“They’re all right, if you know how to handle ’em. Take that boy of mine up there on the cargo. Mighty good boy. I got ’im tied up with rope just now. Came in drunk and kinder ugly last night. But he’s comin’ out of it. I’ll buy him a bracer at the next stop, and he’ll be all right. Best boy on the road.”

Bill spoke always with conviction. He finished off each sentence with ejaculations suitable only to the pulpit. Then he spat.

“I wouldn’t go home for a million dollars. Can’t stand the damned sissies back there. Give me roughnecks! I ain’t got much use for them society fellows. I’ve got a brother in Minneapolis. He was a regular guy when we was kids. Could lick anybody in school. But he made a lot of money and married one of them fiddle-ly-diddle-lies, and went all to pieces. I came home to see him two years ago. He met me at the station with a big car, all dressed up in a fur overcoat, and he says, ‘Bill, you’re just in time for luncheon.’ I looked at him. I says, ‘I guess you mean lunch, don’t you?’ He took me to a regular mansion. Out came the fiddle-ly-diddle-ly. He says, ‘Mable, may I present my long-lost brother from Honduras?’ Christ! Why couldn’t he say, ‘Bill, meet the old woman’? She holds out her hand, way up in the air, like they do in the movies, and says, ‘Charmed, I’m sure.’ God!”

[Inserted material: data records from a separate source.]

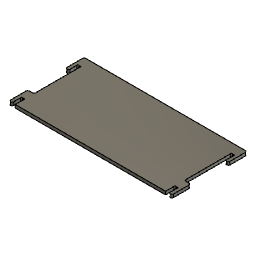
Lid_Base_Cut2 (Autodesk Fusion 360 design; units mm, degrees)
Autodesk Fusion 360 part; units mm, degrees
sketch "Sketch1" plane through (0, 0, 0) normal (0, 1, 0) x (1, 0, 0)
  line L0 (0, 0) -> (609.6, 0)
  line L1 (609.6, 0) -> (609.6, -304.8)
  line L2 (609.6, -304.8) -> (0, -304.8)
  line L3 (0, -304.8) -> (0, 0)
  line L4 (0, 0) -> (-25.4, 0)
  line L5 (-25.4, 0) -> (-25.4, -76.2)
  line L6 (-25.4, -76.2) -> (-12.7, -76.2)
  line L7 (-12.7, -76.2) -> (-12.7, -38.1)
  line L8 (-12.7, -38.1) -> (0, -38.1)
  line L9 (0, -304.8) -> (0, -228.6) construction
  line L10 (0, -228.6) -> (-25.4, -228.6)
  line L11 (-25.4, -228.6) -> (-25.4, -304.8)
  line L12 (-25.4, -304.8) -> (-12.7, -304.8)
  line L13 (-12.7, -304.8) -> (-12.7, -266.7)
  line L14 (-12.7, -266.7) -> (0, -266.7)
  line L15 (609.6, 0) -> (635, 0)
  line L16 (635, 0) -> (635, -76.2)
  line L17 (635, -76.2) -> (622.3, -76.2)
  line L18 (622.3, -76.2) -> (622.3, -38.1)
  line L19 (622.3, -38.1) -> (609.6, -38.1)
  line L20 (609.6, -304.8) -> (609.6, -228.6) construction
  line L21 (609.6, -228.6) -> (635, -228.6)
  line L22 (635, -228.6) -> (635, -304.8)
  line L23 (635, -304.8) -> (622.3, -304.8)
  line L24 (622.3, -304.8) -> (622.3, -266.7)
  line L25 (622.3, -266.7) -> (609.6, -266.7)
  dimension "d1" = 609.6
  dimension "d2" = 304.8
  dimension "d3" = 25.4
  dimension "d4" = 76.2
  dimension "d5" = 38.1
  dimension "d6" = 76.2
  dimension "d7" = 25.4
  dimension "d8" = 76.2
  dimension "d9" = 38.1
  dimension "d10" = 25.4
  dimension "d11" = 76.2
  dimension "d12" = 76.2
  dimension "d13" = 25.4
  dimension "d14" = 38.1
  constraint horizontal L0
  constraint vertical L1
  constraint horizontal L2
  constraint vertical L3
  constraint coincident L0.start L3.end
  constraint horizontal L4
  constraint perpendicular L4 L5
  constraint perpendicular L5 L6
  constraint perpendicular L6 L7
  constraint coincident L3 L8.end
  constraint perpendicular L3 L8
  constraint perpendicular L2 L9
  constraint perpendicular L9 L10
  constraint perpendicular L10 L11
  constraint perpendicular L11 L12
  constraint perpendicular L12 L13
  constraint midpoint L9 L14.end
  constraint perpendicular L1 L15
  constraint perpendicular L15 L16
  constraint perpendicular L16 L17
  constraint perpendicular L17 L18
  constraint coincident L1 L19.end
  constraint perpendicular L1 L19
  constraint perpendicular L2 L20
  constraint perpendicular L20 L21
  constraint perpendicular L21 L22
  constraint perpendicular L22 L23
  constraint perpendicular L21 L24
  constraint midpoint L20 L25.end
  measures "d1" distance of L0.start L0.end
  measures "d2" distance of L0.start L2.end
  measures "d3" distance of L0.start L4.end
  measures "d4" distance of L4.end L5.end
  measures "d5" distance of L6.end L7.end
  measures "d6" distance of L2.end L9.end
  measures "d7" distance of L9.end L10.end
  measures "d8" distance of L10.end L11.end
  measures "d9" distance of L12.end L13.end
  measures "d10" distance of L0.end L15.end
  measures "d11" distance of L15.end L16.end
  measures "d12" distance of L1.end L20.end
  measures "d13" distance of L20.end L21.end
  measures "d14" distance of L23.end L24.end
extrude "Extrude1" add sketch "Sketch1" along normal blind 12.7 in component "Component"
fillet "Fillet1" radius 6.35 14 edges at (-25.4, 6.35, 0) (-25.4, 6.35, 228.6) (-25.4, 6.35, 76.2) (-12.7, 6.35, 76.2) (-25.4, 6.35, 304.8) (-12.7, 6.35, 304.8) (635, 6.35, 304.8) (622.3, 6.35, 304.8) (635, 6.35, 228.6) (609.6, 6.35, 228.6) (0, 6.35, 228.6) (635, 6.35, 76.2) (622.3, 6.35, 76.2) (635, 6.35, 0) in component "Component"
ref_plane "WorkPlane1" through (-12.7, 0, 38.1) normal (0, 1, 0) x (-1, 0, 0)
sketch "Sketch2" plane through (-12.7, 0, 38.1) normal (0, 1, 0) x (-1, 0, 0)
  line L0 (0, 31.75) -> (0, 0) construction
  line L1 (0, 0) -> (-12.7, 0) construction
  line L2 (0, 0) -> (-2.2451, 2.2451) construction
  circle A0 centre (-2.2451, 2.2451) radius 3.175
  dimension "d20" = 3.175
  constraint coincident L0.end L1.start
  constraint coincident L0.end A0
  measures "d20" distance of L0.end L2.end
sweep "Sweep1" cut kept parallel profiles "Sketch2" along 1 edges at (-12.7, 6.35, 38.1) section 1 in component "Component"
ref_plane "WorkPlane2" through (0, 0, 38.1) normal (0, 1, 0) x (-1, 0, 0)
sketch "Sketch3" plane through (0, 0, 38.1) normal (0, 1, 0) x (-1, 0, 0)
  line L0 (8.2099, 0) -> (0, 0) construction
  line L1 (0, 184.15) -> (0, 0) construction
  line L2 (0, 0) -> (2.2451, 2.2451) construction
  circle A0 centre (2.2451, 2.2451) radius 3.175
  dimension "d28" = 3.175
  constraint coincident L0.end L1.end
  constraint coincident L0.end A0
  measures "d28" distance of L0.end L2.end
sweep "Sweep2" cut kept parallel profiles "Sketch3" along 1 edges at (0, 6.35, 38.1) section 1 in component "Component"
ref_plane "WorkPlane3" through (0, 0, 266.7) normal (0, 1, 0) x (-1, 0, 0)
sketch "Sketch4" plane through (0, 0, 266.7) normal (0, 1, 0) x (-1, 0, 0)
  line L0 (12.7, 0) -> (0, 0) construction
  line L1 (0, 38.1) -> (0, 0) construction
  line L2 (0, 0) -> (2.2451, 2.2451) construction
  circle A0 centre (2.2451, 2.2451) radius 3.175
  dimension "d36" = 3.175
  constraint coincident L0.end L1.end
  constraint coincident L0.end A0
  measures "d36" distance of L0.end L2.end
sweep "Sweep3" cut kept parallel profiles "Sketch4" along 1 edges at (0, 6.35, 266.7) section 1 in component "Component"
ref_plane "WorkPlane4" through (-12.7, 0, 266.7) normal (0, 1, 0) x (-1, 0, 0)
sketch "Sketch5" plane through (-12.7, 0, 266.7) normal (0, 1, 0) x (-1, 0, 0)
  line L0 (0, 31.75) -> (0, 0) construction
  line L1 (0, 0) -> (-8.2099, 0) construction
  line L2 (0, 0) -> (-2.2451, 2.2451) construction
  circle A0 centre (-2.2451, 2.2451) radius 3.175
  dimension "d44" = 3.175
  constraint coincident L0.end L1.start
  constraint coincident L0.end A0
  measures "d44" distance of L0.end L2.end
sweep "Sweep4" cut kept parallel profiles "Sketch5" along 1 edges at (-12.7, 6.35, 266.7) section 1 in component "Component"
ref_plane "WorkPlane5" through (622.3, 0, 38.1) normal (0, 1, 0) x (-1, 0, 0)
sketch "Sketch6" plane through (622.3, 0, 38.1) normal (0, 1, 0) x (-1, 0, 0)
  line L0 (0, 0) -> (12.7, 0) construction
  line L1 (0, 31.75) -> (0, 0) construction
  line L2 (0, 0) -> (2.2451, 2.2451) construction
  circle A0 centre (2.2451, 2.2451) radius 3.175
  dimension "d52" = 3.175
  constraint coincident L0.start L1.end
  constraint coincident L0.start A0
  measures "d52" distance of L0.start L2.end
sweep "Sweep5" cut kept parallel profiles "Sketch6" along 1 edges at (622.3, 6.35, 38.1) section 1 in component "Component"
ref_plane "WorkPlane6" through (609.6, 0, 38.1) normal (0, 1, 0) x (-1, 0, 0)
sketch "Sketch7" plane through (609.6, 0, 38.1) normal (0, 1, 0) x (-1, 0, 0)
  line L0 (0, 0) -> (0, 184.15) construction
  line L1 (-8.2099, 0) -> (0, 0) construction
  line L2 (0, 0) -> (-2.2451, 2.2451) construction
  circle A0 centre (-2.2451, 2.2451) radius 3.175
  dimension "d60" = 3.175
  constraint coincident L0.start L1.end
  constraint coincident L0.start A0
  measures "d60" distance of L0.start L2.end
sweep "Sweep6" cut kept parallel profiles "Sketch7" along 1 edges at (609.6, 6.35, 38.1) section 1 in component "Component"
ref_plane "WorkPlane7" through (609.6, 0, 266.7) normal (0, 1, 0) x (-1, 0, 0)
sketch "Sketch8" plane through (609.6, 0, 266.7) normal (0, 1, 0) x (-1, 0, 0)
  line L0 (0, 0) -> (0, 38.1) construction
  line L1 (-12.7, 0) -> (0, 0) construction
  line L2 (0, 0) -> (-2.2451, 2.2451) construction
  circle A0 centre (-2.2451, 2.2451) radius 3.175
  dimension "d68" = 3.175
  constraint coincident L0.start L1.end
  constraint coincident L0.start A0
  measures "d68" distance of L0.start L2.end
sweep "Sweep7" cut kept parallel profiles "Sketch8" along 1 edges at (609.6, 6.35, 266.7) section 1 in component "Component"
ref_plane "WorkPlane8" through (622.3, 0, 266.7) normal (0, 1, 0) x (-1, 0, 0)
sketch "Sketch9" plane through (622.3, 0, 266.7) normal (0, 1, 0) x (-1, 0, 0)
  line L0 (0, 0) -> (8.2099, 0) construction
  line L1 (0, 31.75) -> (0, 0) construction
  line L2 (0, 0) -> (2.2451, 2.2451) construction
  circle A0 centre (2.2451, 2.2451) radius 3.175
  dimension "d76" = 3.175
  constraint coincident L0.start L1.end
  constraint coincident L0.start A0
  measures "d76" distance of L0.start L2.end
sweep "Sweep8" cut kept parallel profiles "Sketch9" along 1 edges at (622.3, 6.35, 266.7) section 1 in component "Component"
component "Component" placed x (1, 0, 0) y (0, 1, 0) z (0, 0, 1) at (0, 0, 0)
equation "d20 = 0.25 in / 2 + 0.00 in"
equation "d28 = 0.25 in / 2 + 0.00 in"
equation "d36 = 0.25 in / 2 + 0.00 in"
equation "d44 = 0.25 in / 2 + 0.00 in"
equation "d52 = 0.25 in / 2 + 0.00 in"
equation "d60 = 0.25 in / 2 + 0.00 in"
equation "d68 = 0.25 in / 2 + 0.00 in"
equation "d76 = 0.25 in / 2 + 0.00 in"

He gave the wheel a violent twist, and we shot around a mountain cliff. He drove along a narrow precipice with one wheel almost hanging over the rugged gulch below.

“They took me down to ‘luncheon.’ One of them big English stiffs in a boiled shirt came out and gave us each a little cup of soup and a cracker. I just looked at my brother. ‘Joe,’ I says, ‘ain’t this lime-juicer goin’ to give us nothin’ to eat?’ He says, ‘We’ll have dinner in the evening; you’ll soon get accustomed to it.’ ‘Accustomed hell!’ I says; ‘to-night I’ll be down in a restaurant, gettin’ a regular feed. I’ll be eatin’ corn-beef and cabbage, same as you used to eat. I ain’t sore at you, Joe, I’m disappointed. You was a regular guy before you got them society ideas. But you don’t make a sissy out of me. I’m goin’ straight back to Honduras.’”

He drove along the precipice with savage relish. Presently, as we passed a little native farm in a rugged valley, he called my attention to it.

“That’s where my wife comes from. No fiddle-ly-diddle-ly for me. She’s an Indian—pure-blooded Indian—but she’s white—whiter’n you are—and a damned good wife, too. We don’t take luncheon in our house. We eat lunch. Luncheon! Christ!”

VI

No one having shot at us from the hills or blown up a bridge, we raced into Tegucigalpa in the early afternoon.

Every one in the Capital was awaiting the revolution, but the city remained unperturbed.